Broader note first: Interesting idea. It will certainly be fodder for armchair arguments ;-).
Score distribution: One in 2,176,782,336 will have four 18s. At smaller values, we tend to round to 0.5%, but the actual chance is closer to 0.46% which adds up fast when you start stacking them. When you further stack the 37.5% chance of a 12+ and the 16% chance of a 14+, you end up with about one in 36 billion.
Some reasonable math indicates that about 100 billion people have ever lived, which gives us 2–3 people in history with stats like those.
If probable outcomes are important, that means that—at most—one or two other people in the entire history of the world have ever been Alexander the Great’s equal.

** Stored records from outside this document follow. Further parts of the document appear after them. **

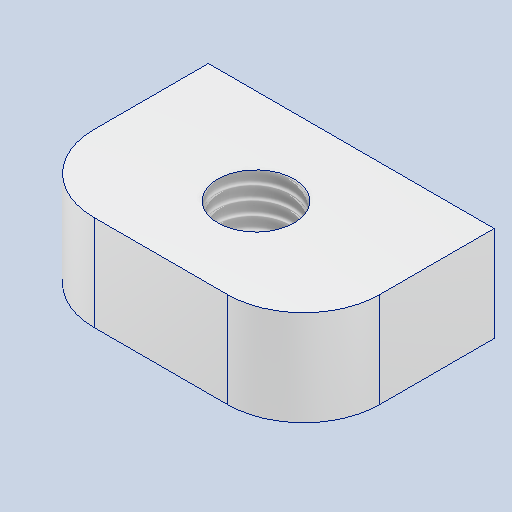
# Autodesk Inventor part: víko_držák
Saved by Autodesk Inventor 2023 (Build 270158000, 158)
## iProperties
Created: 2023-04-03
Part Number: víko_držák
Material: Aluminum 6061
Document SubType Name: Modeling
Designer: lukyv
Density: 2.7 g/cm^3
Appearance: Aluminum - Flat
Mass: 1.76265 g
Surface Area: 5.56796 cm^2
Volume: 0.652832 cm^3
Author: lukyv
Autodesk Inventor part; units mm, degrees
ref_plane "YZ Plane" through (0, 0, 0) normal (1, 0, 0) x (0, 1, 0)
ref_plane "XZ Plane" through (0, 0, 0) normal (0, 1, 0) x (-1, 0, 0)
ref_plane "XY Plane" through (0, 0, 0) normal (0, 0, 1) x (1, 0, 0)
sketch "Sketch1" plane through (0, 0, 0) normal (0, 0, 1) x (1, 0, 0)
  line L0 (30.1319, -27.3816) -> (15.1319, -27.3816)
  line L1 (15.1319, -27.3816) -> (15.1319, -32.3816)
  line L2 (15.1319, -32.3816) -> (30.1319, -32.3816)
  line L3 (30.1319, -32.3816) -> (30.1319, -27.3816)
  point P0 (0, 0)
  dimension "d0" = 15
  dimension "d1" = 5
  constraints: 8 end point, 2 parallel, 1 horizontal, 1 perpendicular
  measures "d0" distance of L2.end L1.end
  measures "d1" distance of L1.end L0.end
extrude "Extrusion1" add sketch "Sketch1" along normal blind 10
fillet "Fillet1" radius 4 2 edges at (15.1319, -29.8816, 10) (30.1319, -29.8816, 10)
sketch "Sketch2" plane through (15.1319, -27.3816, 0) normal (0, 1, 0) x (1, 0, 0)
  circle A0 centre (7.5, -5) radius 2
  line L0 (11, -10) -> (4, -10) projected
  line L1 (0, 0) -> (0, -6) projected
  point P0 (-15.1319, 0)
  dimension "d5" = 4
  dimension "d6" = 5
  dimension "d7" = 7.5
  constraints: 1 centre point
  measures "d5" diameter of A0
  measures "d6" distance from line of A0.centre L0
  measures "d7" distance from line of A0.centre L1
extrude "Extrusion2" cut sketch "Sketch2" against normal blind 7.5
thread "Thread1" size "M4x0.7" class "6H" standard "ANSI Metric M Profile" full length
body "Solid1"
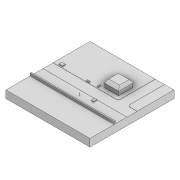
# Autodesk Inventor part: scene1
Saved by Autodesk Inventor 2021 (Build 250183000, 183)
## iProperties
Created: 2022-03-08
Part Number: scene1
Material: Generic
Document SubType Name: Modeling
Designer: Derm
Density: 1 g/cm^3
Appearance: Default
Author: Derm
Autodesk Inventor part; units mm, degrees
ref_plane "YZ Plane" through (0, 0, 0) normal (1, 0, 0) x (0, 1, 0)
ref_plane "XZ Plane" through (0, 0, 0) normal (0, 1, 0) x (-1, 0, 0)
sketch "Sketch1" plane through (0, 0, 0) normal (0, 1, 0) x (-1, 0, 0)
  line L0 (50000, 50000) -> (-50000, 50000)
  line L1 (-50000, 50000) -> (-50000, -50000)
  line L2 (-50000, -50000) -> (50000, -50000)
  line L3 (50000, -50000) -> (50000, 50000)
  line L4 (50000, 50000) -> (-50000, -50000) construction
  line L5 (-50000, 50000) -> (50000, -50000) construction
  point P0 (0, 0)
  dimension "d0" = 100000
  dimension "d1" = 100000
  constraints: 12 end point, 2 midpoint, 2 parallel, 1 horizontal, 1 perpendicular
  measures "d0" distance of L1.end L2.end
  measures "d1" distance of L0.end L1.end
extrude "Extrusion1" add sketch "Sketch1" against normal blind 3000
sketch "Sketch2" plane through (0, 0, 0) normal (0, 1, 0) x (1, 0, 0)
  line L0 (50000, -50000) -> (50000, 50000) projected
  line L1 (50000, 50000) -> (-50000, 50000) projected
  line L2 (-50000, 50000) -> (-50000, -50000) projected
  line L3 (-50000, -50000) -> (50000, -50000) projected
  line L4 (50000, 50000) -> (50000, -50000) projected
  line L5 (-50000, -6000) -> (50000, -6000)
  line L6 (50000, -6000) -> (50000, 6000)
  line L7 (-50000, 6000) -> (-50000, -6000)
  line L8 (-50000, -6000) -> (50000, 6000) construction
  line L9 (50000, -6000) -> (-50000, 6000) construction
  line L10 (-50000, 50000) -> (50000, 50000) projected
  line L11 (38735.1966, 9000) -> (38735.1966, 50000)
  line L12 (38735.1966, 50000) -> (27735.1966, 50000)
  line L13 (27735.1966, 50000) -> (27735.1966, 9000)
  line L14 (50000, 6000) -> (41735.1966, 6000)
  line L15 (24735.1966, 6000) -> (-50000, 6000)
  arc A0 (24735.1966, 6000) -> (27735.1966, 9000) centre (24735.1966, 9000) ccw
  arc A1 (38735.1966, 9000) -> (41735.1966, 6000) centre (41735.1966, 9000) ccw
  point P0 (0, 0)
  dimension "d5" = 11000
  dimension "d6" = 3000
  constraints: 20 end point, 4 parallel, 4 point on circle, 4 tangent, 2 centre point, 2 midpoint, 2 point on line, 1 equal radius, 1 horizontal, 1 perpendicular
  measures "d5" distance between parallel lines of L11 L13
  measures "d6" radius of A0
extrude "Extrusion2" cut sketch "Sketch2" against normal blind 100 contours L5 L2 L15 A0 L13 L1 L11 A1 L14 L0
sketch "Sketch3" plane through (0, 0, 0) normal (0, 1, 0) x (1, 0, 0)
  line L0 (50000, 50000) -> (50000, -50000) projected
  line L1 (50000, -50000) -> (-50000, -50000) projected
  line L2 (-50000, -50000) -> (-50000, 50000) projected
  line L3 (-50000, 50000) -> (50000, 50000) projected
  line L4 (-50000, 6000) -> (24735.1966, 6000) projected
  arc A0 (24735.1966, 6000) -> (27735.1966, 9000) centre (24735.1966, 9000) ccw projected
  line L5 (27735.1966, 9000) -> (27735.1966, 50000) projected
  line L6 (27735.1966, 50000) -> (-50000, 50000) projected
  line L7 (-50000, 50000) -> (-50000, 6000) projected
  line L8 (23068.1077, 10876.2035) -> (6908.7226, 10876.2035)
  line L9 (6908.7226, 10876.2035) -> (6908.7226, 28000)
  line L10 (6908.7226, 28000) -> (23068.1077, 28000)
  line L11 (23068.1077, 28000) -> (23068.1077, 10876.2035)
  line L12 (23068.1077, 10876.2035) -> (6908.7226, 28000) construction
  line L13 (6908.7226, 10876.2035) -> (23068.1077, 28000) construction
  point P0 (0, 0)
  point P1 (14988.4151, 19438.1018)
  constraints: 12 end point, 2 midpoint, 2 parallel, 1 horizontal, 1 perpendicular
extrude "Extrusion3" add sketch "Sketch3" along normal blind 5000 contours L8 L9 L10 L11
sketch "Sketch4" plane through (23068.1077, 0, -28000) normal (0, 0, -1) x (-1, 0, 0)
  line L0 (16159.3851, 0) -> (0, 0) projected
  line L1 (16159.3851, 0) -> (16159.3851, 5000) projected
  line L2 (0, 5000) -> (16159.3851, 5000) projected
  line L3 (0, 0) -> (0, 5000) projected
  line L4 (0, 5000) -> (16159.3851, 5000) projected
  line L5 (0, 5000) -> (-502.206, 5000)
  line L6 (-502.206, 5000) -> (1674.3292, 8799.2208)
  line L7 (1674.3292, 8799.2208) -> (8079.6925, 8799.2208)
  line L8 (8079.6925, 5000) -> (8079.6925, 8799.2208)
  line L9 (16159.3851, 5000) -> (16661.5911, 5000)
  line L10 (16661.5911, 5000) -> (14485.0559, 8799.2208)
  line L11 (14485.0559, 8799.2208) -> (8079.6925, 8799.2208)
  point P0 (23068.1077, 0)
  constraints: 14 end point, 2 symmetric about line, 1 horizontal, 1 midpoint, 1 parallel, 1 perpendicular
extrude "Extrusion4" add sketch "Sketch4" against normal up to surface (17123.7965 mm away) contours L2 L8 L11 L10 L9 | L5 L6 L7 L8 L2
sketch "Sketch5" plane through (6908.7226, 0, -10876.2035) normal (0, 0, 1) x (1, 0, 0)
  line L0 (16159.3851, 0) -> (0, 0) projected
  line L1 (16159.3851, 0) -> (16159.3851, 5000) projected
  line L2 (16661.5911, 5000) -> (16159.3851, 5000) projected
  line L3 (14485.0559, 8799.2208) -> (16661.5911, 5000) projected
  line L4 (1674.3292, 8799.2208) -> (14485.0559, 8799.2208) projected
  line L5 (-502.206, 5000) -> (1674.3292, 8799.2208) projected
  line L6 (0, 5000) -> (-502.206, 5000) projected
  line L7 (0, 0) -> (0, 5000) projected
  line L8 (0, 5000) -> (-502.206, 5000) projected
  line L9 (16661.5911, 5000) -> (16159.3851, 5000) projected
  line L10 (0, 5000) -> (16159.3851, 5000)
  point P0 (-6908.7226, 0)
  constraints: 2 end point, 1 collinear
extrude "Extrusion5" add sketch "Sketch5" along normal blind 600 contours L10 L6 L5 L4 L3 L2
ref_plane "Work Plane1" through (23068.1077, 0, -19438.1018) normal (0, 0, -1) x (-1, 0, 0)
mirror "Mirror1" about plane through (23068.1077, 0, -19438.1018) normal (0, 0, -1) of "Extrusion5"
chamfer "Chamfer1" distance 50 angle 45 7 edges at (-12632.4017, 0, -6000) (26856.517, 0, -6878.6797) (27735.1966, 0, -29500) (0, 0, 6000) (38735.1966, 0, -29500) (39613.8763, 0, -6878.6797) (45867.5983, 0, -6000)
chamfer "Chamfer2" distance 3500 angle 45 2 edges at (14988.4151, 8799.2208, -10276.2035) (14988.4151, 8799.2208, -28600)
sketch "Sketch6" plane through (0, 0, 0) normal (0, 1, 0) x (1, 0, 0)
  line L0 (-50000, -6050) -> (50000, -6050) projected
  line L1 (-50000, -6050) -> (-50000, -50000) projected
  line L2 (-50000, -50000) -> (50000, -50000) projected
  line L3 (50000, -50000) -> (50000, -6050) projected
  circle A0 centre (0, -12422.6788) radius 250
  point P0 (0, 0)
  dimension "d21" = 500
  dimension "d23" = 37577.3212
  constraints: 1 centre point
  measures "d21" diameter of A0
  measures "d23" distance from line of L2 A0.centre
extrude "Extrusion6" add sketch "Sketch6" along normal blind 3000 contours A0
pattern_linear "Rectangular Pattern1" [suppressed]
sketch "Sketch7" plane through (0, 0, 0) normal (0, 1, 0) x (1, 0, 0)
  circle A0 centre (0, -12422.6788) radius 250 projected
  line L0 (-50000, -6050) -> (50000, -6050) projected
  line L1 (-50000, -6050) -> (-50000, -50000) projected
  line L2 (-50000, -50000) -> (50000, -50000) projected
  line L3 (50000, -50000) -> (50000, -6050) projected
  line L4 (-50000, -6050) -> (-50000, -50000) projected
  line L5 (50000, 50000) -> (50000, -50000) projected
  line L6 (-50000, -21203.5733) -> (50000, -21203.5733)
  line L7 (50000, -21203.5733) -> (50000, -19751.467)
  line L8 (50000, -19751.467) -> (-50000, -19751.467)
  line L9 (-50000, -19751.467) -> (-50000, -21203.5733)
  point P0 (0, 0)
  point P1 (-50000, -19751.467)
  point P2 (50000, -21203.5733)
  constraints: 8 end point, 2 parallel, 2 point on line, 1 horizontal, 1 perpendicular
extrude "Extrusion7" add sketch "Sketch7" along normal blind 3000 contours L8 L3 L6 L1
sketch "Sketch8" plane through (0, 0, 0) normal (0, 1, 0) x (1, 0, 0)
  line L0 (27685.1966, 50000) -> (27685.1966, 9000) projected
  line L1 (27685.1966, 50000) -> (-50000, 50000) projected
  line L2 (-50000, 50000) -> (-50000, 6050) projected
  line L3 (24735.1966, 6050) -> (-50000, 6050) projected
  arc A0 (24735.1966, 6050) -> (27685.1966, 9000) centre (24735.1966, 9000) ccw projected
  line L4 (23068.1077, 28000) -> (23068.1077, 10876.2035) projected
  line L5 (23068.1077, 10876.2035) -> (6908.7226, 10876.2035) projected
  line L6 (6908.7226, 10876.2035) -> (6908.7226, 28000) projected
  line L7 (6908.7226, 28000) -> (23068.1077, 28000) projected
  line L8 (-50000, -19751.467) -> (50000, -19751.467) projected
  line L9 (50000, -19751.467) -> (50000, -6050) projected
  line L10 (-50000, -6050) -> (50000, -6050) projected
  line L11 (-50000, -6050) -> (-50000, -19751.467) projected
  circle A1 centre (0, -12422.6788) radius 250 projected
  line L12 (-7755.2468, 8091.4966) -> (-10970.7872, 8091.4966)
  line L13 (-10970.7872, 8091.4966) -> (-10970.7872, 6734.1239)
  line L14 (-10970.7872, 6734.1239) -> (-7755.2468, 6734.1239)
  line L15 (-7755.2468, 6734.1239) -> (-7755.2468, 8091.4966)
  line L16 (-3927.8334, -1038.8233) -> (-1060.9343, -1038.8233)
  line L17 (-1060.9343, -1038.8233) -> (-1060.9343, -3437.3677)
  line L18 (-1060.9343, -3437.3677) -> (-3927.8334, -3437.3677)
  line L19 (-3927.8334, -3437.3677) -> (-3927.8334, -1038.8233)
  line L20 (-22605.2556, -1038.8233) -> (-21044.0729, -1038.8233)
  line L21 (-21044.0729, -1038.8233) -> (-21044.0729, -5069.5133)
  line L22 (-21044.0729, -5069.5133) -> (-22605.2556, -5069.5133)
  line L23 (-22605.2556, -5069.5133) -> (-22605.2556, -1038.8233)
  line L24 (1181.4921, 10442.9662) -> (2529.7862, 10442.9662)
  line L25 (2529.7862, 10442.9662) -> (2529.7862, 7412.8102)
  line L26 (2529.7862, 7412.8102) -> (1181.4921, 7412.8102)
  line L27 (1181.4921, 7412.8102) -> (1181.4921, 10442.9662)
  line L28 (-44526.7154, 10876.2035) -> (-40062.1541, 10876.2035)
  line L29 (-40062.1541, 10876.2035) -> (-40062.1541, 7412.8102)
  line L30 (-40062.1541, 7412.8102) -> (-44526.7154, 7412.8102)
  line L31 (-44526.7154, 7412.8102) -> (-44526.7154, 10876.2035)
  line L32 (12401.1238, -6673.6776) -> (15000, -6673.6776)
  line L33 (15000, -6673.6776) -> (15000, -10794.2169)
  line L34 (15000, -10794.2169) -> (12401.1238, -10794.2169)
  line L35 (12401.1238, -10794.2169) -> (12401.1238, -6673.6776)
  point P0 (0, 0)
  constraints: 48 end point, 12 parallel, 6 horizontal, 6 perpendicular, 2 point on line
extrude "Extrusion8" add sketch "Sketch8" along normal blind 1000 contours L15 L14 L13 L12 | L24 L25 L26 L27 | L28 L29 L30 L31 | L32 L33 L34 L35
sketch "Sketch9" plane through (0, 0, 0) normal (0, 1, 0) x (1, 0, 0)
  circle A0 centre (-7079.3551, -7895.0186) radius 1405.5966
  circle A1 centre (-3459.7598, 8393.1608) radius 825.3947
  circle A2 centre (15217.3522, 7567.766) radius 874.7148
  circle A3 centre (6747.4991, -9300.6152) radius 1543.0453
  point P0 (0, 0)
  constraints: 4 centre point
extrude "Extrusion9" [suppressed]
sketch "Sketch10" plane through (0, -3000, 0) normal (0, -1, 0) x (1, 0, 0)
  line L0 (50000, -50000) -> (50000, 50000) projected
  line L1 (50000, 50000) -> (-50000, 50000) projected
  line L2 (-50000, 50000) -> (-50000, -50000) projected
  line L3 (-50000, -50000) -> (50000, -50000) projected
  point P0 (0, 0)
extrude "Extrusion10" add sketch "Sketch10" along normal blind 5999.2209
body "Solid1"

Of course, there are a lot of ways to “fix” that, and CON and DEX are only one of them. How likely is it, for example, that Alexander was as intelligent as Leonardo?
For the rest of it, I don’t think I’ll convince you :-).
You say CON, I say high fighter level and halfway good hit points. You say Olympic level athlete, and I say he was a master of propaganda who never actually competed (his battlefield performance, and thus presumed AC, is a much better argument for high DEX, of course, since DEX actually affects that in the game).
On the horse thing:
Really, I just don’t understand any of what you are saying, which is usually a good sign that we’re on completely different pages where the ability score definitions are concerned. I don’t think I would let a PC replace their CHA reaction roll with an INT-based reaction roll, unless they had special knowledge of some sort, and that knowledge made any kind of sense.
I might allow WIS (based on the Perceive Intentions custom power), if the fear of shadows was true. But then why would he want a warhorse who spooks at its own shadow?
So I’m inclined to believe that the explanation of the horse being afraid of its own shadow was a convenient lie; and that the method used to tame the horse was a CHA-based reaction roll, which he totally owned.